I named my silver boy Beau, because in French Beau means handsome which he certainly is. Also in older times a woman's beau was her boy friend. And third Beau was born on Christmas day, and a bow (different spelling) belongs on top of a Christmas package.


----------



## Karma'sACat (Jun 1, 2010)

I'm really interested to learn my Spoo's name and also who named him (breeder, program or puppy raiser) and why they picked that name. It is killing me to know nothing about him beyond breed and gender.

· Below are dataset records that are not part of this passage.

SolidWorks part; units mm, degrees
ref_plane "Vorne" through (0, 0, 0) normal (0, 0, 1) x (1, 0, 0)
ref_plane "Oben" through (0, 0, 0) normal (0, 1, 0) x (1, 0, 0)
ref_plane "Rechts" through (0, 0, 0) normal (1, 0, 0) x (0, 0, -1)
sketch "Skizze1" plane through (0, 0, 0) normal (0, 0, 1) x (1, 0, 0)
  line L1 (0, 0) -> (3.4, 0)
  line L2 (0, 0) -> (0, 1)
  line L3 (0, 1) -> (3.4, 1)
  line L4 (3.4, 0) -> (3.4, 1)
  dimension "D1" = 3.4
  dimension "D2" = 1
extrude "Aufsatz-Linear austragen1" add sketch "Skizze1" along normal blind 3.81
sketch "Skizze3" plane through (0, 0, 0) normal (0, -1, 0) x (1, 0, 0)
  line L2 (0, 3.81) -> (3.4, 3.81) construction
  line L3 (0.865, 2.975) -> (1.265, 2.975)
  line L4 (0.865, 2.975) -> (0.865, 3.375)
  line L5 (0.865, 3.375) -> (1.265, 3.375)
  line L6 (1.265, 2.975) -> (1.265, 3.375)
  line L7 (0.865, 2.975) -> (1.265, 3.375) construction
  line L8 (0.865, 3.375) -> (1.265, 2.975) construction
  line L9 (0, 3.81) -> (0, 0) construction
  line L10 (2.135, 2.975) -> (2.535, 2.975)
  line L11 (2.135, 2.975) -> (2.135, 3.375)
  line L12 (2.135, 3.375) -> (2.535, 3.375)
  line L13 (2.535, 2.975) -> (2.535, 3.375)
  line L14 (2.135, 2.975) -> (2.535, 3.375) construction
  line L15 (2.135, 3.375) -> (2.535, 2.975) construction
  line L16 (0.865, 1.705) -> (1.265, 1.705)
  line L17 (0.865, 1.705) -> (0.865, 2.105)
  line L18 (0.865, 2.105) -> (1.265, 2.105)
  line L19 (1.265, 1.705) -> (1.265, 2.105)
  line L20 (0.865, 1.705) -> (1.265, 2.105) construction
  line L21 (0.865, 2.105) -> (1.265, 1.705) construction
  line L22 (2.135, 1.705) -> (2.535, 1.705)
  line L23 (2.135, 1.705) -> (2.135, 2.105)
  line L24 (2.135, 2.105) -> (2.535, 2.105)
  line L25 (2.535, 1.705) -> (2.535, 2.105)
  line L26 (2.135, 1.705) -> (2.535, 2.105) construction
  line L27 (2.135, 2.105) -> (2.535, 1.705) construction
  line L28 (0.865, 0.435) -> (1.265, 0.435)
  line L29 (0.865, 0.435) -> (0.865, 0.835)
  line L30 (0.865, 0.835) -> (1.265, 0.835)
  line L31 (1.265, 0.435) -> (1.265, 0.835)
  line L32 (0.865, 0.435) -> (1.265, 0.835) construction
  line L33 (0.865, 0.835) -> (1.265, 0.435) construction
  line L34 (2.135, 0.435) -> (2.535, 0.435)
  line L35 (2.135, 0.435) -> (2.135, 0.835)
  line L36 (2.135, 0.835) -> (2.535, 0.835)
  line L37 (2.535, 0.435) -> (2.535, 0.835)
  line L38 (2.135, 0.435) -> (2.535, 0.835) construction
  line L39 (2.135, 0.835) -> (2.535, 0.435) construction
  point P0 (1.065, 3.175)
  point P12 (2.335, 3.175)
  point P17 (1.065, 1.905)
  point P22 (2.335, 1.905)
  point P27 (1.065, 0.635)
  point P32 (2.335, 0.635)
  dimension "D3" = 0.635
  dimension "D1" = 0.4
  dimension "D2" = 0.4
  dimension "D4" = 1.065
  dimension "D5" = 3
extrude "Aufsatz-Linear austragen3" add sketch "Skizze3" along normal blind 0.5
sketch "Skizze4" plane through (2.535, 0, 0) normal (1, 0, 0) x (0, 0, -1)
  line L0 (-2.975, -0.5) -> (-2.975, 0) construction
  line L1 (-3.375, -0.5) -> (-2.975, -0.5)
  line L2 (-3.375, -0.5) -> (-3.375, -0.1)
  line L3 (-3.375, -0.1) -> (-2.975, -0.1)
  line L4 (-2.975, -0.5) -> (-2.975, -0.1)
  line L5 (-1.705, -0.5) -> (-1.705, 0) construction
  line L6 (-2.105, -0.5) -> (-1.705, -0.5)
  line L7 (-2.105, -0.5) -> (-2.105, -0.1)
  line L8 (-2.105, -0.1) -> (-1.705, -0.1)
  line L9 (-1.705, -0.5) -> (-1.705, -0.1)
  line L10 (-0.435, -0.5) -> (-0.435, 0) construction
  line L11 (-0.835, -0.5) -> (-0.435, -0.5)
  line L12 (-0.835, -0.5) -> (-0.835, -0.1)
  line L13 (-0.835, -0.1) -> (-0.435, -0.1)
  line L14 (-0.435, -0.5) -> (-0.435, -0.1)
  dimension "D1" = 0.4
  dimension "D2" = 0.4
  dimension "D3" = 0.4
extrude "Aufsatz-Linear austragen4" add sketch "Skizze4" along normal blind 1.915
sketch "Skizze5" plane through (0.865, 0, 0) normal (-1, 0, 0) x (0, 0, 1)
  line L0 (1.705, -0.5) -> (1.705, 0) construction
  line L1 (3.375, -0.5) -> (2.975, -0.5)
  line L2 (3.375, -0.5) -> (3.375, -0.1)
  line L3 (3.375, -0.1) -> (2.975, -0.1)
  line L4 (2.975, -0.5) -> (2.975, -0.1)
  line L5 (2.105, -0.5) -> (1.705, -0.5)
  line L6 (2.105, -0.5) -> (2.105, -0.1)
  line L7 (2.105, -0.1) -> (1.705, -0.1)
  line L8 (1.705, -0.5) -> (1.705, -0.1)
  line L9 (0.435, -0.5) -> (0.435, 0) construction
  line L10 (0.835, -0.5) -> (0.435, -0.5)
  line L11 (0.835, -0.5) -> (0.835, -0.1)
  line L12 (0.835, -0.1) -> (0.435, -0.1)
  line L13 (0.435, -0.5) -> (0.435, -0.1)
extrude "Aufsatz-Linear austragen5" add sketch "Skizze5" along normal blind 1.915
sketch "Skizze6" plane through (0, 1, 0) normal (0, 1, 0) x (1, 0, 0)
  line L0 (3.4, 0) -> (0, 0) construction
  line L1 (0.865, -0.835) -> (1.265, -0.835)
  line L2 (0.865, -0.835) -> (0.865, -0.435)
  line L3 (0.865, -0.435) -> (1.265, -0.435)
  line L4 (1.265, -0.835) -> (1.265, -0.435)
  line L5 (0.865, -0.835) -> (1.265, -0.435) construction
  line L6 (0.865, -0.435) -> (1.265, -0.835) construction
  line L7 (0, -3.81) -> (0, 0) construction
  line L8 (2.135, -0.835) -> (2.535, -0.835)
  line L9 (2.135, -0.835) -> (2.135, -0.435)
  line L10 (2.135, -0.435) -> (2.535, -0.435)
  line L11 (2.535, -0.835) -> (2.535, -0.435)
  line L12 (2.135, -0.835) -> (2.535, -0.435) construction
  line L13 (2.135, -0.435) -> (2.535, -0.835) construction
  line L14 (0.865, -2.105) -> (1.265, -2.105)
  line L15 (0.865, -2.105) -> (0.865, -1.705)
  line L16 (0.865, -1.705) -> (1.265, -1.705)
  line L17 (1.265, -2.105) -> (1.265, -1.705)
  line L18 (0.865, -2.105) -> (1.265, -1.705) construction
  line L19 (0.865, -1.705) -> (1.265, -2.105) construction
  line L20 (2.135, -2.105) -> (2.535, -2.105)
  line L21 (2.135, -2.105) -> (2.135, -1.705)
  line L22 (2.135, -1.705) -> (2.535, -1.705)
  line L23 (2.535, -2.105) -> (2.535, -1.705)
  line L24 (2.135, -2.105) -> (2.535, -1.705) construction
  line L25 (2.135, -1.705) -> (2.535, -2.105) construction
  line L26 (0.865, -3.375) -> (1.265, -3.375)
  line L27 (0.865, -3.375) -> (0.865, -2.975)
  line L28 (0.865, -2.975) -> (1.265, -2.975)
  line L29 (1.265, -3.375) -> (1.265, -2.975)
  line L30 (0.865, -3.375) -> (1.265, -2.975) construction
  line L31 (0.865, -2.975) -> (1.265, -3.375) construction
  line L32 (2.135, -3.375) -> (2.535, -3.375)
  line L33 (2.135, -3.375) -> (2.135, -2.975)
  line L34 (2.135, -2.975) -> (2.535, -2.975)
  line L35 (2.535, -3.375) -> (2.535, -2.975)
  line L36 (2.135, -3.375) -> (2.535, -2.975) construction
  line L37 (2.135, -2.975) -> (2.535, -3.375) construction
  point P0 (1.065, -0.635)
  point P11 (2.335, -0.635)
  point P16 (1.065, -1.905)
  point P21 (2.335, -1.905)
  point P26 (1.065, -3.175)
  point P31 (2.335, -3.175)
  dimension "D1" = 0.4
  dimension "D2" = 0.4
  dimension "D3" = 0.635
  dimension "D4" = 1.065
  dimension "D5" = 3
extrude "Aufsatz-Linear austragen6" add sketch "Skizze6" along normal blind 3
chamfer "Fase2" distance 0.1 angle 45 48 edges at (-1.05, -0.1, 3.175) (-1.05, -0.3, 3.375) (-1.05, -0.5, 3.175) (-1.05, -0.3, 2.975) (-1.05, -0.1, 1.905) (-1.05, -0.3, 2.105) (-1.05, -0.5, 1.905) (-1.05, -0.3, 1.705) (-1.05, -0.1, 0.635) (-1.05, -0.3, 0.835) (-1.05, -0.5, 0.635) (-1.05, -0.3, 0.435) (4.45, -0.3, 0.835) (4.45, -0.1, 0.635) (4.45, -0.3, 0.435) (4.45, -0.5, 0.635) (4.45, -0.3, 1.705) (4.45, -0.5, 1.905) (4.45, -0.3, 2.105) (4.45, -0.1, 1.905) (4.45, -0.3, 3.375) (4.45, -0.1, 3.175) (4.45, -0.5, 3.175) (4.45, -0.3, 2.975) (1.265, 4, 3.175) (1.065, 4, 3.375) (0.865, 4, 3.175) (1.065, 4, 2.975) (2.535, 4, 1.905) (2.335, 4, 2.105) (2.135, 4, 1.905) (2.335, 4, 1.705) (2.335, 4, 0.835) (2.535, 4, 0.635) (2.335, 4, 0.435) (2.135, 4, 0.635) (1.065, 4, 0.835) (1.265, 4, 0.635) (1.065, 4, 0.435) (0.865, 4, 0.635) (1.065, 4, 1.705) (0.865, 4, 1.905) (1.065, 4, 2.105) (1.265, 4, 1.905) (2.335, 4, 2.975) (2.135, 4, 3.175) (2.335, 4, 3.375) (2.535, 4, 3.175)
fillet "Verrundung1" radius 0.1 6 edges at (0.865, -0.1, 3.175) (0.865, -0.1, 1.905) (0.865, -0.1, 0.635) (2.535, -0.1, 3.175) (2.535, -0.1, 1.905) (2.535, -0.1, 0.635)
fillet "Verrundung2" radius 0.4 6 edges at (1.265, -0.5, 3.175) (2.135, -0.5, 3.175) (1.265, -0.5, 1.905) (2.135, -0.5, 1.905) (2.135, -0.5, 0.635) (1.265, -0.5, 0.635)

Dixie came with her name and it fit (Catahoulas are the state dog of Louisiana) and she knew it.
Karma was actually going to be Rosalyn (from Shakespeare) but it didn't fit. While I was feeding her, the name Karma popped in my head and it fit her perfectly.
Lola was Delilah at first but it didn't fit. She showeed up at a time when I was having a lot of trouble dealing with being disabled and she was constantly making me laugh, so my mom suggested Lola because it has LOL in it and it was perfect.
Francine showed up on my favorite grandfather (who passed 6 years ago)'s birthday. His name was Francis and so I named her Francine in honor of him. I believe he sent her to us because she always knows when I'm sick or upset and comes to stay with me.


----------



## Margotsmom (Jun 6, 2010)

Autumn, part of her registered name (Shomars Autumn Wind), who came to me as an adult so I kept the name.
Charley, a rescue, although a girl, is named for my father (at the time I also had a dog named after my mother), she was a rescue who was called Lola, umm no.
Giada, a rescue, in theory after Giada de Laurentis, but I just like the name.
Honey, a blind rescue, I didn't feel it appropriate to change her name since she had enough challenges, and she is the color of, and as sweet as...
Margot (the Spoo), well I forgot I already had an "m" dog so went through m names and liked Margot plus it being a bit French. Her name had been MaiTai.
Miranda, a rescue, again did not feel changing it was appropriate.
Natalie, got named the morning she was arriving after waiting a month and a half trying to arrange transport, I was watching the Today Show, Natalie Morales came on, and I went Natalie! She had been called Hope, umm no.
Teresa, after a friend who saw her and brought her to my attention!
Virginia, after my mom's best friend.


----------



## Underpants Gnome (Oct 12, 2009)

Dudley is named Dudley Do-Right like the cartoon character. We wanted something to show his Canadian heritage, that's where the idea of a Mountie came from. The other name we considered was Royal Canadian and we would call him Roy or Royal. But when we met him, we knew the elegant name would never fit and the goofy name fit his personality perfectly. And when we get our second poodle, it must be a female so we can name her Sweet Nell. I don't think I would want a Snidely in the family.


----------



## AgilityIG (Feb 8, 2009)

Cdnjennga said:


> Darcy is named after the character Mr Darcy in Pride and Prejudice (my favourite book!) and because it means dark one. I also call him the darce man and loonytune when he's being a nut.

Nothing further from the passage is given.